PI: Nikolai Østgaard
Team: Martino Marisaldi, Kjetil Ullaland, Shiming Yang, Bilal Qureshi, Jens Søndergaard, Bendik Husa

References

N. Østgaard , H. J. Christian, J. E. Grove, D. Sarria, A. Mezentsev, P. Kochkin, N. Lehtinen, M. Quick, S. Al-Nussirat, E. Wulf, G. Genov, K. Ullaland, M. Marisaldi, S. Yang, R. J., Blakeslee Gamma-ray glow observations at 20 km altitude, J. Geophys. Res., doi: 10.1029/2019JD030312, June 2019

P. Kochkin, N. Østgaard, H. J. Christian,, J. E. Grove, M. Quick, S. Al-Nussirat, E. Wulf, S. Yang , G. Genov, K. Ullaland, M. Marisaldi, N. Lehtinen, A. Mezentsev, D. Sarria, A rapid Gamma-Ray Glow flux reduction observed from 20 km altitude, J. Geophys. Res., doi: 10.1029/2020JD033467, April 2021

(Shiming/Jens to provide images for this section.)

Photo:

Eric Grove/NRL

The in-Situ Thunderstorm Observer for Radiation Mechanisms, iSTORM, is a gamma-ray spectrometer optimized to make sensitive measurements of bright, fast transients in the nuclear gamma-ray band (~100 keV to >5 MeV).  Designed and built by the US Naval Research Laboratory, iSTORM is a highly-segmented array of fast, high-resolution inorganic scintillators.  The large total area provides high sensitivity, while the high segmentation and fast scintillation decay time preserves that large area for bright TGFs, which would paralyze a single detector of equal area.  The high spectral resolution enables sensitive searches for 511 keV emission from annihilation of secondary positrons created in Terrestrial Electron Beams (TEBs) and the 2.2 MeV line from capture of secondary neutrons from intense TGFs.

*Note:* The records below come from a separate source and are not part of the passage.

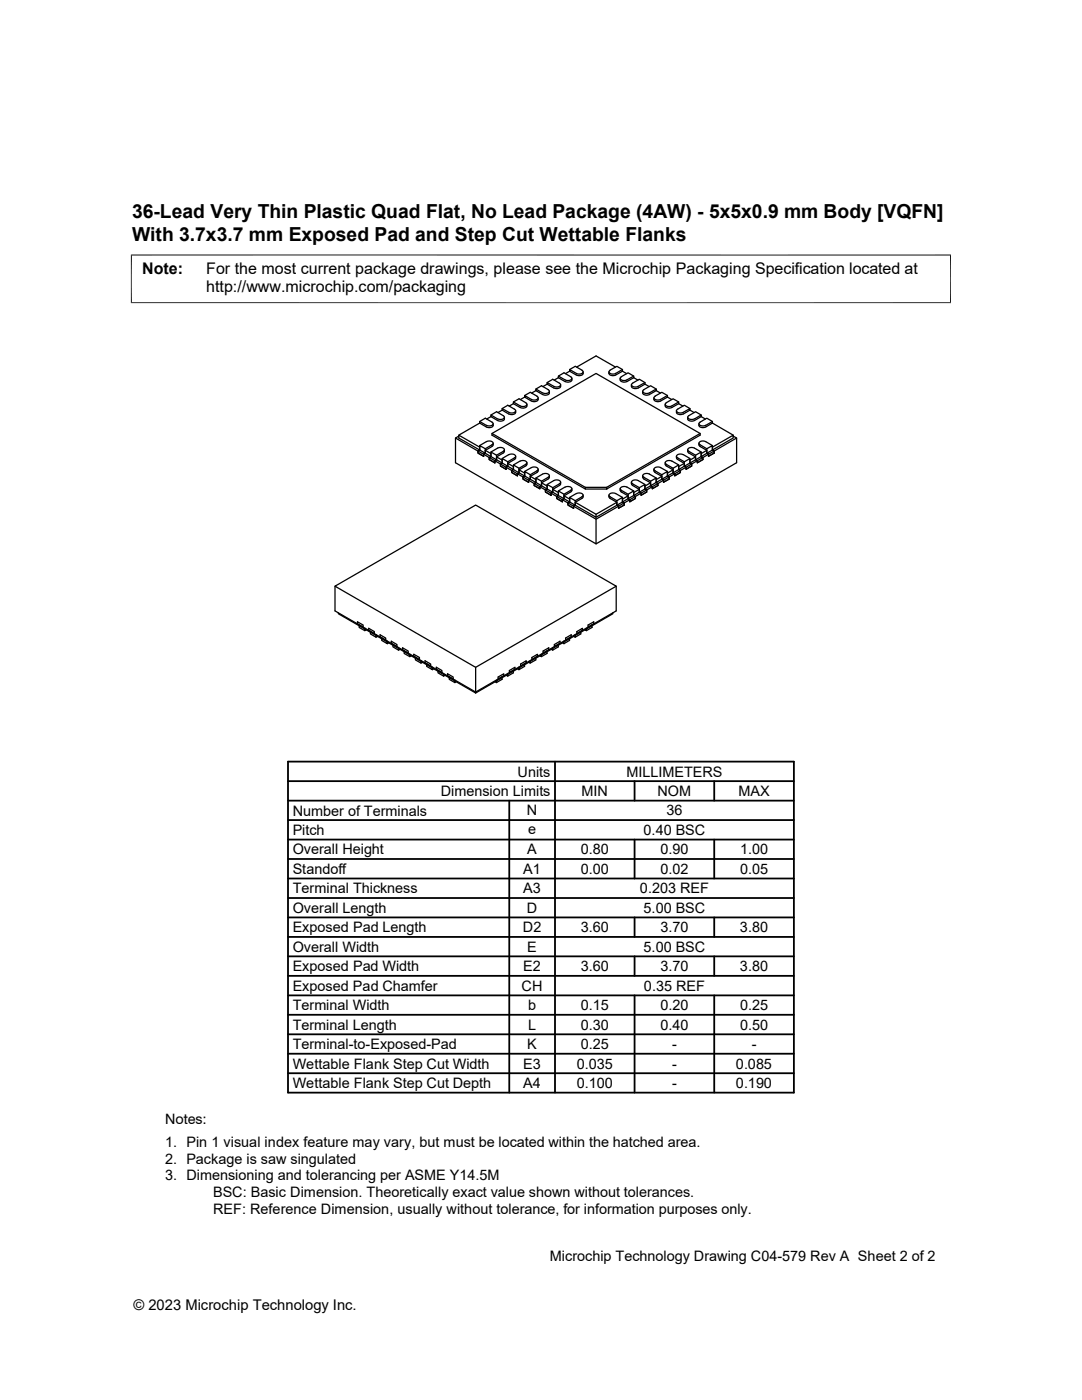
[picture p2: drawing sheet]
<svg xmlns="http://www.w3.org/2000/svg" width="216mm" height="279mm" viewBox="0 0 216 279" stroke-linecap="round" stroke-linejoin="round" font-family="sans-serif">
<g fill="none" stroke="#000" stroke-width=".25">
<path d="M104.7 78.9l1.1-.6 1.3 .8a.45 .45 0 0 1 .2 .6 .45 .45 0 0 1-.6 .1l-.7-.1M104.7 79.2l1.3 .8M104.7 79.2v-.3l1.3 .8M104.7 79.2l-.9 .5M106.9 77.6l1.2-.6 1.3 .8a.45 .45 0 0 1 .1 .6 .45 .45 0 0 1-.6 .1l-.6-.1M106.9 78l1.4 .7M106.9 78v-.4l1.4 .8M106.9 78l-.8 .4M107.4 79.4a.8 .8 0 0 1-.5 .8 .8 .8 0 0 1-.9-.2M109.2 76.7l1.3 .7M109.2 76.3l1.1-.6 1.3 .8a.45 .45 0 0 1 .2 .6 .45 .45 0 0 1-.6 .1l-.7-.1M109.2 76.7v-.4l1.3 .8"/>
<path d="M109.2 76.7l-.9 .5M109.6 78.1a.8 .8 0 0 1-.4 .8 .8 .8 0 0 1-.9-.2M111.4 75.4l1.4 .8M111.4 75.4v-.3l1.1-.7 1.4 .8a.45 .45 0 0 1 .1 .6 .45 .45 0 0 1-.6 .1l-.6-.1M111.4 75.1l1.4 .7M111.4 75.4l-.8 .5M111.9 76.8a.8 .8 0 0 1-.5 .8 .8 .8 0 0 1-.9-.2M113.7 74.1l1.3 .7M113.7 73.7l1.1-.6 1.3 .8a.45 .45 0 0 1 .2 .6 .45 .45 0 0 1-.6 .2l-.7-.2M113.7 74.1v-.4l1.3 .8M113.7 74.1l-.9 .5M114.1 75.5a.8 .8 0 0 1-.4 .8 .8 .8 0 0 1-.9-.2"/>
<path d="M116.4 74.2a.8 .8 0 0 1-.5 .8 .8 .8 0 0 1-.9-.2M121.7 73.9l1.4-.8 1.1 .6v.4M122.8 73.3l-3.9-2.3-3.8 2.3M123.7 75.5a.82 .82 0 0 0 .5 .8 .82 .82 0 0 0 .9-.2M124 75.2l1.3-.8 1.1 .7v.3M124.2 74.1l-1.3 .7a.82 .82 0 0 1-.9 .2 .82 .82 0 0 1-.5-.8M124.2 73.7l-1.3 .8a.77 .77 0 0 1-1.3-.4l.2-.2M124.2 74.1l.9 .5M126 76.8a.82 .82 0 0 0 .5 .7 .82 .82 0 0 0 .8-.1M126.2 76.5l1.4-.8 1.1 .6v.4M126.4 75.4l-1.3 .8M126.4 75.1l-1.3 .7a.77 .77 0 0 1-1.3-.4l.2-.2"/>
<path d="M126.4 75.4l.9 .5M128.2 78.1v.3M128.5 77.8a.45 .45 0 0 0-.2 .6 .45 .45 0 0 0 .6 .1l.7-.1 1.3-.8v.4M128.7 76.7l-1.4 .7M128.7 76.3l-1.4 .8a.77 .77 0 0 1-1.3-.5l.2-.1M128.7 76.7l.8 .5M130.5 79.4v.3M130.7 79.1l1.4-.8 1.1 .6v.3M130.9 78l-1.3 .7a.97 .97 0 0 1-1.4-.3M130.9 77.6l-1.1-.6-1.3 .8M130.9 78l.9 .4M133.2 79.2l-1.4 .8a.97 .97 0 0 1-1.3-.3"/>
<path d="M133.2 78.9l-1.4 .8a.77 .77 0 0 1-1.3-.5l.2-.1M133.2 79.2l.8 .5M90.9 87.4l4.5 2.6v.4l1.1 .7M91.5 87l-.6 .4v5l28 16.1v-4.9M91.5 86.8l4.2 2.4v.6l-.3 .2v.4l1.1 .7M95.7 84.4l1.3 .8M95.7 84.4v-.3l1.1-.6 1.4 .7a.45 .45 0 0 1 .1 .6 .45 .45 0 0 1-.6 .2l-.6-.1M95.7 84.1l1.3 .8M95.7 84.4l-4.2 2.4v.6l4.2 2.4-.3 .2 1.1 .7M96.5 90.7v.4M96.5 90.7l.3-.2-1.1-.7v-.9l1.1 .7v.9l1.2 .6v-.9l1.1 .6v1l1.1 .6-.3 .2 1.1 .7M96.5 90.7l1.1 .6v.4l1.1 .7"/>
<path d="M96.8 89.9v.6l-.3 .2v.4M96.8 89.9l1.2 .6v.6l-.4 .2v.4l1.1 .7M97 88.1l-1.3 .8M97.1 88.1a.77 .77 0 0 1 1.3 .5l-1.6 1M97.6 91.3l.4-.2 1.1 .7-.4 .1zM98 83.1l1.3 .8M98 83.1v-.3l1.1-.6 1.3 .8a.45 .45 0 0 1 .1 .6 .45 .45 0 0 1-.6 .1l-.6-.1M98 82.8l1.3 .8M98 83.1l-.9 .5M98.2 86.5l20.7-12 20.8 12v.3l-18.6 10.8h-4.3l-18.6-10.8zM98.2 86.5l18.6 10.8v.3M98.4 88.5l-.1 .5-1.5 .9"/>
<path d="M98.4 84.6a.8 .8 0 0 1-.4 .7 .8 .8 0 0 1-.9-.1M98.7 92.4v-.5l1.2 .7v.4l1.1 .7M99.1 91.2v.6l-.4 .1v.5M99.1 91.2l1.1 .6v.6l-.3 .2v.4l1.1 .7M99.3 89.4l-1.3 .8M99.3 89.4a.77 .77 0 0 1 1.3 .5l-.2 .2M100.2 81.9l1.3 .7M100.2 81.9v-.4l1.1-.6 1.4 .8a.45 .45 0 0 1 .1 .6 .45 .45 0 0 1-.6 .1l-.6-.1M100.2 81.5l1.3 .8M100.2 81.9l-.8 .4M100.4 90.1l-1.3 .7M100.6 83.3a.8 .8 0 0 1-.4 .7 .8 .8 0 0 1-.9-.1"/>
<path d="M100.6 89.7l-.1 .6-1.4 .9M101 93.3v.4M101 93.3l.3-.3-1.1-.6v-.9l1.1 .7v.8l1.1 .7-.3 .2 1.1 .7M101 93.3l1.1 .6v.4l1.1 .7M101.3 92.5v.5l-.3 .3v.4M101.3 92.5l1.1 .6v.6l-.3 .2v.4l1.1 .7M101.5 90.7l-1.3 .8M101.6 90.7a.77 .77 0 0 1 1.2 .5l-1.5 1M102.4 80.6l1.4 .7M102.4 80.6v-.4l1.2-.6 1.3 .8a.45 .45 0 0 1 .1 .6 .45 .45 0 0 1-.6 .1l-.6-.1M102.4 80.2l1.4 .8M102.4 80.6l-.8 .4"/>
<path d="M102.9 91.1l-.1 .5-1.5 .9M102.9 82a.8 .8 0 0 1-.5 .7 .8 .8 0 0 1-.8-.1M103.2 94.6v.4M103.2 94.6l.4-.2-1.2-.7v-.9l1.2 .7v.9l1.1 .6-.3 .2 1.1 .6M103.2 94.6l1.2 .6v.4l1.1 .6M103.6 93.8v.6l-.4 .2v.4M103.6 93.8l1.1 .6v.6l-.3 .2v.4l1.1 .6M103.8 92l-1.4 .8M103.8 92a.77 .77 0 0 1 1.3 .5l-1.5 1M105.1 92.4l-.1 .5-1.4 .9M105.1 80.7a.8 .8 0 0 1-.4 .7 .8 .8 0 0 1-.9-.1M105.5 95.8v.4"/>
<path d="M105.5 95.8l.3-.1-1.1-.7v-.9l1.1 .6v1l1.1 .6v-.9l1.2 .6v.9l1.1 .7v-.9l1.1 .6v.9l1.1 .7v-.9l1.1 .6v.9l1.2 .7v-.9l1.1 .6v.9l4.1 2.4v-.6l-4.1-2.4M105.5 95.8l1.1 .7v.4l1.1 .6M105.8 95.1v.6l-.3 .1v.4M105.8 95.1l1.1 .6v.6l-.3 .2v.4l1.1 .6M106 93.3l-1.3 .8M106 93.3a.77 .77 0 0 1 1.3 .5l-1.5 .9M106.6 96.5l.3-.2 1.2 .6-.4 .2zM107.4 93.6l-.1 .6-1.5 .9M107.7 97.5v-.4l1.1 .7v.4l1.2 .6M108.1 96.4v.5l-.4 .2v.4M108.1 96.4l1.1 .6v.6l-.4 .2v.4l1.2 .6M108.3 94.6l-1.4 .8"/>
<path d="M108.3 94.6a.77 .77 0 0 1 1.3 .5l-1.5 .9M108.8 97.8l.4-.2 1.1 .6-.3 .2zM109.6 94.9l-.1 .6-1.4 .9M110 98.8v-.4l1.1 .7v.4l1.1 .6M110.3 97.7v.5l-.3 .2v.4M110.3 97.7l1.1 .6v.6l-.3 .2v.4l1.1 .6M110.5 95.9l-1.3 .8M110.5 95.9a.77 .77 0 0 1 1.3 .5l-.2 .1M111.1 99.1l.3-.2 1.1 .6-.3 .2zM111.6 96.6l-1.3 .7M111.9 96.2l-.2 .6-1.4 .9M112.5 99v.5l-.3 .2v.4"/>
<path d="M112.5 99l1.2 .6v.6l-.4 .2v.4l1.1 .6M112.8 97.2l-1.4 .8M112.8 97.2a.77 .77 0 0 1 1.3 .5l-1.6 .9M114.1 97.5l-.1 .6-1.5 .9M115 98.5l-1.3 .8M115 98.5a.77 .77 0 0 1 1.3 .5l-1.5 .9M116.4 98.8l-.2 .6-1.4 .8M116.8 97.3h4.3M121.5 98.8v.4l.3 .3M121.7 99.1l1.4 .8M121.7 99.5l1.4 .7v.6l.3 .2v.4l1.1-.6M122.9 98.5a.77 .77 0 0 0-1.3 .5l.2 .1"/>
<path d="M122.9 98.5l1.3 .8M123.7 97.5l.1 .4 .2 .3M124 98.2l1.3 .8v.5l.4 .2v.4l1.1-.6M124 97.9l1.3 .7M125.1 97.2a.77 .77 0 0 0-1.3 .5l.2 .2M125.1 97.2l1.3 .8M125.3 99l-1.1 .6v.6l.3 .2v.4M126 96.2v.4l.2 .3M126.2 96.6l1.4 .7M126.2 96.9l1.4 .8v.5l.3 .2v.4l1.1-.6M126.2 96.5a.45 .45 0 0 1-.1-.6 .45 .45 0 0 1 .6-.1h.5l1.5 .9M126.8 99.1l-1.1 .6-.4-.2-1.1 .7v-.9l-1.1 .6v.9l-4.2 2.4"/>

iSTORM comprises an array of 32 CeBr₃ scintillators, each 25 mm diameter by 25 mm length, and one 25 mm x 25 mm x 25 mm plastic scintillator cube.  Each scintillator is read out by a custom array of silicon photomultipliers (SiPMs), which provide low-noise, high-gain amplification in a compact, low-voltage package.  One additional bare SiPM array in a dark box tests for radio-frequency pickup in the instrument electronics. 

Signals from each SiPM array are digitized by a commercial front-end board with ASICs that provide dual-gain preamplifiers, shaping, and peak-detect circuitry appropriate for fast scintillators with SiPM readout.  A GPS receiver enables precise time-tagging of individual photons. Thermostatically controlled heaters provide thermal control, and instrument temperatures are logged by an array of thermistors.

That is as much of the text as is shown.